* AIM OF THE EXERCISE: Among the records below, find the line that has "[CAN] -> mode_selecction/1"; from there, give the lines again exactly, and stop after the line that has "[sc_mode] -> target_generation_lib/1".

(Stored records)
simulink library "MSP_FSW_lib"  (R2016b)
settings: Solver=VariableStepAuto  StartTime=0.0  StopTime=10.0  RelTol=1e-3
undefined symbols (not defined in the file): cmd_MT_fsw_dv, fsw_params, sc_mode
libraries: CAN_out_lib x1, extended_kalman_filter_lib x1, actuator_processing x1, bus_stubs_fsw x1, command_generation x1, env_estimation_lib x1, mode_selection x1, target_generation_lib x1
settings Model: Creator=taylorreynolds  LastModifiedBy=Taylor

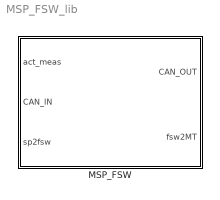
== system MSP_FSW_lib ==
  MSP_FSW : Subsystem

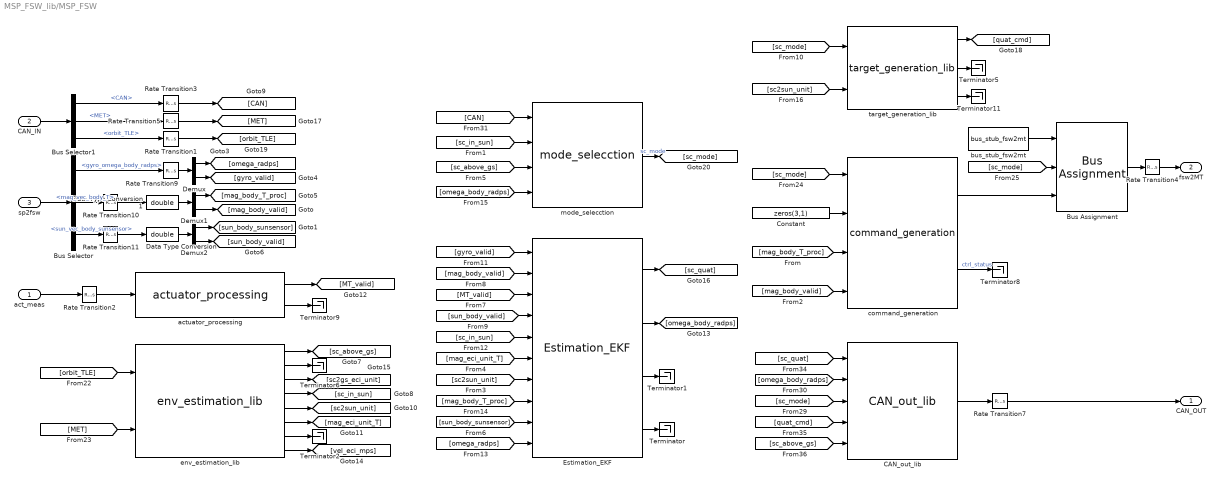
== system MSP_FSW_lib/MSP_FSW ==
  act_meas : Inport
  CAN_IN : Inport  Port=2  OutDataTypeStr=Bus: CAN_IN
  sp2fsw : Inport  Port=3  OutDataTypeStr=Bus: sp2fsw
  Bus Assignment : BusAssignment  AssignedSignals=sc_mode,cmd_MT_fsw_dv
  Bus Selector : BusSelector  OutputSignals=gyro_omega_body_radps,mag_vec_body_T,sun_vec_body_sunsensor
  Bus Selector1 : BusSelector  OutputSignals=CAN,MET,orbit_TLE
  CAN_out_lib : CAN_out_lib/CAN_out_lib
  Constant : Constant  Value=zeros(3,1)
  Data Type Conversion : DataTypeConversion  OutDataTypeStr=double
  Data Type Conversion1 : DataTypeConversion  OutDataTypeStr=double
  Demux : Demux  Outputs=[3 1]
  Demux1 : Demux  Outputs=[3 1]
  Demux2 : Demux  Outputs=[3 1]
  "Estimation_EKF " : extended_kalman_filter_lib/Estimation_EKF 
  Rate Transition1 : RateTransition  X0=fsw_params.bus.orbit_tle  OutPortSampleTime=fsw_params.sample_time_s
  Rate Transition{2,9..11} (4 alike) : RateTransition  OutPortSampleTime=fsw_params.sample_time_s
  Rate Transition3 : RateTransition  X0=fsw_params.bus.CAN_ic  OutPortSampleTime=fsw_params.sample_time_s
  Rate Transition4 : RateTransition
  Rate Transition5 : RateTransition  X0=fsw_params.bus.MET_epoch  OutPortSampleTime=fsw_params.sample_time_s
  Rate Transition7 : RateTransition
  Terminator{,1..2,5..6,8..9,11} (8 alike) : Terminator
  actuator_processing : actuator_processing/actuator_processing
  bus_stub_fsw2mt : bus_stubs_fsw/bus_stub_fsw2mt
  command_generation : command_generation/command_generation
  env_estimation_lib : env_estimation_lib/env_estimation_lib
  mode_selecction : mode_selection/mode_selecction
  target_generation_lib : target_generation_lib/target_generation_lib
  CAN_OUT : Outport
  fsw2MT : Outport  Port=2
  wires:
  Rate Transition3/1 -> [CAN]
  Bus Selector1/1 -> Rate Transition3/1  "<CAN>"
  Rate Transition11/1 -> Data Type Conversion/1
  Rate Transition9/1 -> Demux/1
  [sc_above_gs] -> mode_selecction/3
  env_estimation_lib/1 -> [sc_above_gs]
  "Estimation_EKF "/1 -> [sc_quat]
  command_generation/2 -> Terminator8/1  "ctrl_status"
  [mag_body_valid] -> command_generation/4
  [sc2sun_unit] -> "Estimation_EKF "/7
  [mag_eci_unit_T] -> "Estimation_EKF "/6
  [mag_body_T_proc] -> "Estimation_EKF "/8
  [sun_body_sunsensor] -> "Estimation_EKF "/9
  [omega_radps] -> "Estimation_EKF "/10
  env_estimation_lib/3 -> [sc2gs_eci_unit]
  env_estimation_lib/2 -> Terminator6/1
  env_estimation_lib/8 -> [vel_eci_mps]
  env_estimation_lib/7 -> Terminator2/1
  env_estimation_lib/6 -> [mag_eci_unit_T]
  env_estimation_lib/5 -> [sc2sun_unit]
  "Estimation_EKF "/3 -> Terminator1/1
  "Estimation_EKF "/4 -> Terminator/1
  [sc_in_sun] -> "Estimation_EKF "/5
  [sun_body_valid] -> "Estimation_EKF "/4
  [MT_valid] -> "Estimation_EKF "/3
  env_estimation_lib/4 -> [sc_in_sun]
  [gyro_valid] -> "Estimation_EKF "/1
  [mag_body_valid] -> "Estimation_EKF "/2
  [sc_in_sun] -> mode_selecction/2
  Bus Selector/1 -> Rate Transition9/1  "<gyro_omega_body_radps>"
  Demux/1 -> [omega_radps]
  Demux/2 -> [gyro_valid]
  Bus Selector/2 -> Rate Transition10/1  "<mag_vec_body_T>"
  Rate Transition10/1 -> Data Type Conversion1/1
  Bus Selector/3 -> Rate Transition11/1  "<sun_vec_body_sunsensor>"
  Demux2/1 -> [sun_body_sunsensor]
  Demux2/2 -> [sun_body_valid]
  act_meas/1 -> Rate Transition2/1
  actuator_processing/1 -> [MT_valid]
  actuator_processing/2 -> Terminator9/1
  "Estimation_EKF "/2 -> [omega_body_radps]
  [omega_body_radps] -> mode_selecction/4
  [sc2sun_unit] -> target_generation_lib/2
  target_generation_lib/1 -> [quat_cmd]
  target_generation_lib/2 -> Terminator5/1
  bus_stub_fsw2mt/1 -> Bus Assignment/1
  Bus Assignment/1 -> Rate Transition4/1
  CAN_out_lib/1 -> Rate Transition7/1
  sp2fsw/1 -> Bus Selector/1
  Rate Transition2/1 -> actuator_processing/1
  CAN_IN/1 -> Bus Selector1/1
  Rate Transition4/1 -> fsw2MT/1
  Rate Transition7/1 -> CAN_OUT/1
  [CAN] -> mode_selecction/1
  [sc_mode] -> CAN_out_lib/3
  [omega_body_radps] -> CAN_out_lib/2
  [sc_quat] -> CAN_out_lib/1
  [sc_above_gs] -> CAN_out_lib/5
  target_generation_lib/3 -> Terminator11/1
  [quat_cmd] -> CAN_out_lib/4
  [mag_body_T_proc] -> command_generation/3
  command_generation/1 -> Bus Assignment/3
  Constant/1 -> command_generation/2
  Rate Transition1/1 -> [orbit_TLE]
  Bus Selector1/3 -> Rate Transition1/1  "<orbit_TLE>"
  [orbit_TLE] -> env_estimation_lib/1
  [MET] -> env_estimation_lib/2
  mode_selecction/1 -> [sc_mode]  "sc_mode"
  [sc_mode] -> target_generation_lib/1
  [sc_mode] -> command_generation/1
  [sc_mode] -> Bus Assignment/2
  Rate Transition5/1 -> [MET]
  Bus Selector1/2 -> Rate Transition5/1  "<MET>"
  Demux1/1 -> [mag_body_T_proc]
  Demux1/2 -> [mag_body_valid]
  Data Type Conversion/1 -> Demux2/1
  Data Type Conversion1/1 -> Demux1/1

* TASK RESPONSE:
  [CAN] -> mode_selecction/1
  [sc_mode] -> CAN_out_lib/3
  [omega_body_radps] -> CAN_out_lib/2
  [sc_quat] -> CAN_out_lib/1
  [sc_above_gs] -> CAN_out_lib/5
  target_generation_lib/3 -> Terminator11/1
  [quat_cmd] -> CAN_out_lib/4
  [mag_body_T_proc] -> command_generation/3
  command_generation/1 -> Bus Assignment/3
  Constant/1 -> command_generation/2
  Rate Transition1/1 -> [orbit_TLE]
  Bus Selector1/3 -> Rate Transition1/1  "<orbit_TLE>"
  [orbit_TLE] -> env_estimation_lib/1
  [MET] -> env_estimation_lib/2
  mode_selecction/1 -> [sc_mode]  "sc_mode"
  [sc_mode] -> target_generation_lib/1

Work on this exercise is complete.